The frame looks whack, i may go and see if my local halfords has one tomorrow.


----------



## dave r (10 Jul 2009)

Belt Drive? difficult to tell from the picture, can't enlarge it, when I click on the enlarge link the computer tries to open it with movie player. If its a belt drive I wonder how they split the frame to get the belt in?


----------



## D4VOW (10 Jul 2009)

dave r said:


> Belt Drive? difficult to tell from the picture, can't enlarge it, when I click on the enlarge link the computer tries to open it with movie player. If its a belt drive I wonder how they split the frame to get the belt in?

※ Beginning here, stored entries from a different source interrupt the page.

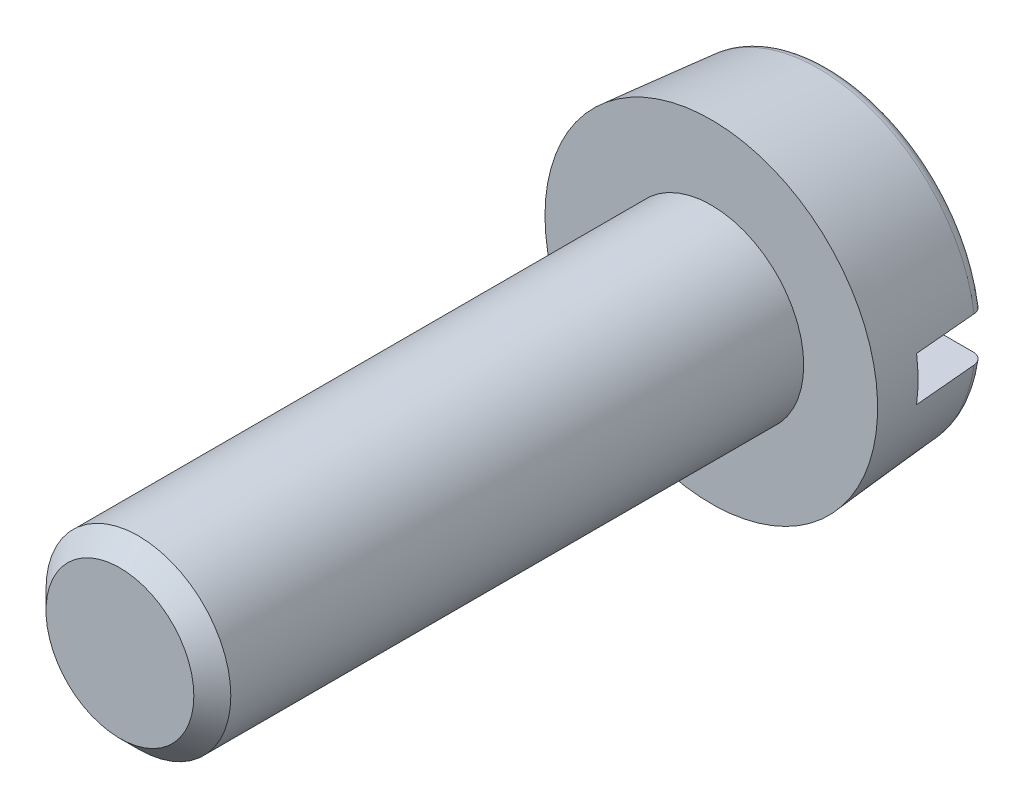
ISO-10303-21;
HEADER;
FILE_DESCRIPTION(('STEP AP214'),'2;1');
FILE_NAME('part.step','',(''),(''),'','','');
FILE_SCHEMA(('AUTOMOTIVE_DESIGN { 1 0 10303 214 1 1 1 1 }'));
ENDSEC;
DATA;
#1=APPLICATION_CONTEXT('core data for automotive mechanical design processes');
#2=APPLICATION_PROTOCOL_DEFINITION('international standard','automotive_design',2000,#1);
#3=PRODUCT_CONTEXT('',#1,'mechanical');
#4=PRODUCT('Part','Part','',(#3));
#5=PRODUCT_RELATED_PRODUCT_CATEGORY('part','',(#4));
#6=PRODUCT_DEFINITION_FORMATION('','',#4);
#7=PRODUCT_DEFINITION_CONTEXT('part definition',#1,'design');
#8=PRODUCT_DEFINITION('design','',#6,#7);
#9=PRODUCT_DEFINITION_SHAPE('','',#8);
#10=(LENGTH_UNIT() NAMED_UNIT(*) SI_UNIT(.MILLI.,.METRE.));
#11=(NAMED_UNIT(*) PLANE_ANGLE_UNIT() SI_UNIT($,.RADIAN.));
#12=(NAMED_UNIT(*) SI_UNIT($,.STERADIAN.) SOLID_ANGLE_UNIT());
#13=UNCERTAINTY_MEASURE_WITH_UNIT(LENGTH_MEASURE(1.E-05),#10,'distance_accuracy_value','');
#14=(GEOMETRIC_REPRESENTATION_CONTEXT(3) GLOBAL_UNCERTAINTY_ASSIGNED_CONTEXT((#13)) GLOBAL_UNIT_ASSIGNED_CONTEXT((#10,
#11,#12)) REPRESENTATION_CONTEXT('',''));
#15=CARTESIAN_POINT('',(0.,0.,0.));
#16=DIRECTION('',(0.,0.,1.));
#17=DIRECTION('',(1.,0.,0.));
#18=AXIS2_PLACEMENT_3D('',#15,#16,#17);
#19=CARTESIAN_POINT('',(0.,0.,-1.59999999999999));
#20=DIRECTION('',(0.,0.,1.));
#21=DIRECTION('',(1.,0.,0.));
#22=AXIS2_PLACEMENT_3D('',#19,#20,#21);
#23=PLANE('',#22);
#24=DIRECTION('',(1.,0.,0.));
#25=VECTOR('',#24,1.);
#26=CARTESIAN_POINT('',(-2.25000000000001,-0.30000000000004,-1.59999999999999));
#27=LINE('',#26,#25);
#28=CARTESIAN_POINT('',(-1.94035042842053,-0.30000000000001,-1.59999999999999));
#29=VERTEX_POINT('',#28);
#30=CARTESIAN_POINT('',(1.94035042842053,-0.300000000000036,-1.59999999999999));
#31=VERTEX_POINT('',#30);
#32=EDGE_CURVE('E206',#29,#31,#27,.T.);
#33=ORIENTED_EDGE('',*,*,#32,.T.);
#34=CARTESIAN_POINT('',(0.,0.,-1.59999999999999));
#35=DIRECTION('',(0.,0.,-1.));
#36=DIRECTION('',(-1.,0.,0.));
#37=AXIS2_PLACEMENT_3D('',#34,#35,#36);
#38=CIRCLE('',#37,1.96340515051573);
#39=EDGE_CURVE('E116',#31,#29,#38,.T.);
#40=ORIENTED_EDGE('',*,*,#39,.T.);
#41=EDGE_LOOP('',(#33,#40));
#42=FACE_BOUND('',#41,.T.);
#43=ADVANCED_FACE('F36',(#42),#23,.F.);
#44=DIRECTION('',(-1.,0.,0.));
#45=VECTOR('',#44,1.);
#46=CARTESIAN_POINT('',(-2.25000000000001,0.299999999999958,-1.59999999999999));
#47=LINE('',#46,#45);
#48=CARTESIAN_POINT('',(1.94035042842053,0.299999999999977,-1.59999999999999));
#49=VERTEX_POINT('',#48);
#50=CARTESIAN_POINT('',(-1.94035042842053,0.299999999999984,-1.59999999999999));
#51=VERTEX_POINT('',#50);
#52=EDGE_CURVE('E101',#49,#51,#47,.T.);
#53=ORIENTED_EDGE('',*,*,#52,.T.);
#54=EDGE_CURVE('E113',#51,#49,#38,.T.);
#55=ORIENTED_EDGE('',*,*,#54,.T.);
#56=EDGE_LOOP('',(#53,#55));
#57=FACE_BOUND('',#56,.T.);
#58=ADVANCED_FACE('F147',(#57),#23,.F.);
#59=CARTESIAN_POINT('',(0.,0.,-1.44));
#60=DIRECTION('',(0.,0.,-1.));
#61=DIRECTION('',(-1.,0.,0.));
#62=AXIS2_PLACEMENT_3D('',#59,#60,#61);
#63=TOROIDAL_SURFACE('',#62,1.96340515051573,0.16);
#64=CARTESIAN_POINT('',(-2.02464929704372,-0.300000000000035,-1.30342454957927));
#65=CARTESIAN_POINT('',(-2.03238938645022,-0.299999999999998,-1.30808813773355));
#66=CARTESIAN_POINT('',(-2.0397302350874,-0.299999999999994,-1.31341159947379));
#67=CARTESIAN_POINT('',(-2.05341968757095,-0.300000000000003,-1.32520564209796));
#68=CARTESIAN_POINT('',(-2.05976863190556,-0.300000000000016,-1.33167582771413));
#69=CARTESIAN_POINT('',(-2.07129025935117,-0.300000000000012,-1.34559915846983));
#70=CARTESIAN_POINT('',(-2.07646208984418,-0.299999999999996,-1.35305300997259));
#71=CARTESIAN_POINT('',(-2.08546893662512,-0.300000000000001,-1.3687256762858));
#72=CARTESIAN_POINT('',(-2.08930440890744,-0.300000000000023,-1.37694422894841));
#73=CARTESIAN_POINT('',(-2.09550224164918,-0.300000000000022,-1.39385316471525));
#74=CARTESIAN_POINT('',(-2.09787484783241,-0.3,-1.40253979183121));
#75=CARTESIAN_POINT('',(-2.10111825783847,-0.299999999999996,-1.42019070905738));
#76=CARTESIAN_POINT('',(-2.10198882599278,-0.300000000000015,-1.42915504251493));
#77=CARTESIAN_POINT('',(-2.10220029511315,-0.300000000000016,-1.44704531451022));
#78=CARTESIAN_POINT('',(-2.10155074064478,-0.3,-1.4559711419653));
#79=CARTESIAN_POINT('',(-2.0987614337047,-0.299999999999997,-1.4735855440648));
#80=CARTESIAN_POINT('',(-2.096621908922,-0.300000000000011,-1.48227415474859));
#81=CARTESIAN_POINT('',(-2.09097610758199,-0.30000000000001,-1.49899459247632));
#82=CARTESIAN_POINT('',(-2.08749896411747,-0.299999999999996,-1.50703627653601));
#83=CARTESIAN_POINT('',(-2.07927587925694,-0.300000000000001,-1.52244264622709));
#84=CARTESIAN_POINT('',(-2.07452984314817,-0.300000000000019,-1.52980728126699));
#85=CARTESIAN_POINT('',(-2.06369301384794,-0.300000000000016,-1.54393623585866));
#86=CARTESIAN_POINT('',(-2.05755692429872,-0.299999999999992,-1.55066585759021));
#87=CARTESIAN_POINT('',(-2.04423921928007,-0.300000000000004,-1.5629961912425));
#88=CARTESIAN_POINT('',(-2.03705748176015,-0.30000000000004,-1.5685967711966));
#89=CARTESIAN_POINT('',(-2.02186128320144,-0.300000000000036,-1.57851380984589));
#90=CARTESIAN_POINT('',(-2.01384719654813,-0.299999999999997,-1.58283084252643));
#91=CARTESIAN_POINT('',(-1.99721237508803,-0.3,-1.59006971709586));
#92=CARTESIAN_POINT('',(-1.98859163746886,-0.300000000000041,-1.59299155251626));
#93=CARTESIAN_POINT('',(-1.97091870079808,-0.300000000000046,-1.5973812130991));
#94=CARTESIAN_POINT('',(-1.96186374376361,-0.300000000000009,-1.59883793441085));
#95=CARTESIAN_POINT('',(-1.9436375590097,-0.299999999999988,-1.60022194772135));
#96=CARTESIAN_POINT('',(-1.93446632582499,-0.300000000000005,-1.60014916756137));
#97=CARTESIAN_POINT('',(-1.91620122580592,-0.300000000000009,-1.598471646742));
#98=CARTESIAN_POINT('',(-1.90710832329842,-0.299999999999997,-1.59685638520298));
#99=CARTESIAN_POINT('',(-1.8893223792299,-0.3,-1.59212246125094));
#100=CARTESIAN_POINT('',(-1.88062934394659,-0.300000000000014,-1.58900377524375));
#101=CARTESIAN_POINT('',(-1.86389238192259,-0.300000000000013,-1.58134698130865));
#102=CARTESIAN_POINT('',(-1.85584844465992,-0.299999999999998,-1.57680889639523));
#103=CARTESIAN_POINT('',(-1.84064450553897,-0.299999999999999,-1.56643653106093));
#104=CARTESIAN_POINT('',(-1.83348447268519,-0.300000000000014,-1.56060229611168));
#105=CARTESIAN_POINT('',(-1.82031484919619,-0.300000000000014,-1.54784998879769));
#106=CARTESIAN_POINT('',(-1.81429660583341,-0.299999999999998,-1.54094085543954));
#107=CARTESIAN_POINT('',(-1.8035234847193,-0.299999999999999,-1.5261990575137));
#108=CARTESIAN_POINT('',(-1.79876852321333,-0.300000000000016,-1.5183664542211));
#109=CARTESIAN_POINT('',(-1.79072202776625,-0.300000000000011,-1.50210751557986));
#110=CARTESIAN_POINT('',(-1.78741252440901,-0.29999999999999,-1.49369007312133));
#111=CARTESIAN_POINT('',(-1.78227224233327,-0.300000000000007,-1.47641541729822));
#112=CARTESIAN_POINT('',(-1.78044132528113,-0.300000000000046,-1.46755824515619));
#113=CARTESIAN_POINT('',(-1.77832801969749,-0.300000000000041,-1.44976395275738));
#114=CARTESIAN_POINT('',(-1.77802818377701,-0.299999999999999,-1.44082890099854));
#115=CARTESIAN_POINT('',(-1.77893920960847,-0.299999999999998,-1.42303579349419));
#116=CARTESIAN_POINT('',(-1.78015011713432,-0.300000000000041,-1.41417774008985));
#117=CARTESIAN_POINT('',(-1.78403768630014,-0.300000000000046,-1.39682461622454));
#118=CARTESIAN_POINT('',(-1.78670884535035,-0.300000000000009,-1.38832831135954));
#119=CARTESIAN_POINT('',(-1.79343111684866,-0.299999999999988,-1.37190233238756));
#120=CARTESIAN_POINT('',(-1.79748202530912,-0.300000000000003,-1.36397257472954));
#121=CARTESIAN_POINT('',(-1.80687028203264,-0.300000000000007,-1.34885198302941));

No it's a chain  Not really my cup of tea but if you like it go and try one out


----------



## hubgearfreak (10 Jul 2009)

from the ad....
_The Carrera brand has been on the market in the UK for over 20 years sold exclusively at Halfords the brand is recognised by cyclists throughout the UK as one of quality, performance and value._


----------



## Tel (11 Jul 2009)

Looks alright to me, especially at that price. The only thing that I think looks a bit odd is that the forks could do with being a bit chunkier.


----------



## Sittingduck (11 Jul 2009)

Tel said:


> Looks alright to me, especially at that price. The only thing that *I think looks a bit odd is that the forks could do with being a bit chunkier.*



/agree


----------



## Ben M (11 Jul 2009)

I was just a little bit sick in my mouth.


----------



## 4F (12 Jul 2009)

move away from the halfords website SD,


----------



## punkypossum (12 Jul 2009)

Hmmm...can't make my mind up...it's the fact that the frame looks so mountain bikey that sort of spoils it...I think...maybe it takes getting used to...For £200 you can't argue I suppose...


----------



## ufkacbln (12 Jul 2009)

hubgearfreak said:


> from the ad....
> _The Carrera brand has been on the market in the UK for over 20 years sold exclusively at Halfords the brand is recognised by cyclists throughout the UK as one of quality, performance and value._



Fair comment, they do stand up well in head to head reviews with other bikes of the same standard and price. The `Subway" certainly has a good reputation.


----------



## Sittingduck (12 Jul 2009)

I have decided against it, lol. It was a fleeting idea and I might still get a fixed but want to build one myself from an old steel frame, if possible. Difficult to source cheaply in London 

Anyway I don't have the space for yet another bike in the flat...

SD


----------



## hubgearfreak (12 Jul 2009)

Tel said:


> The only thing that I think looks a bit odd is that the forks could do with being a bit chunkier.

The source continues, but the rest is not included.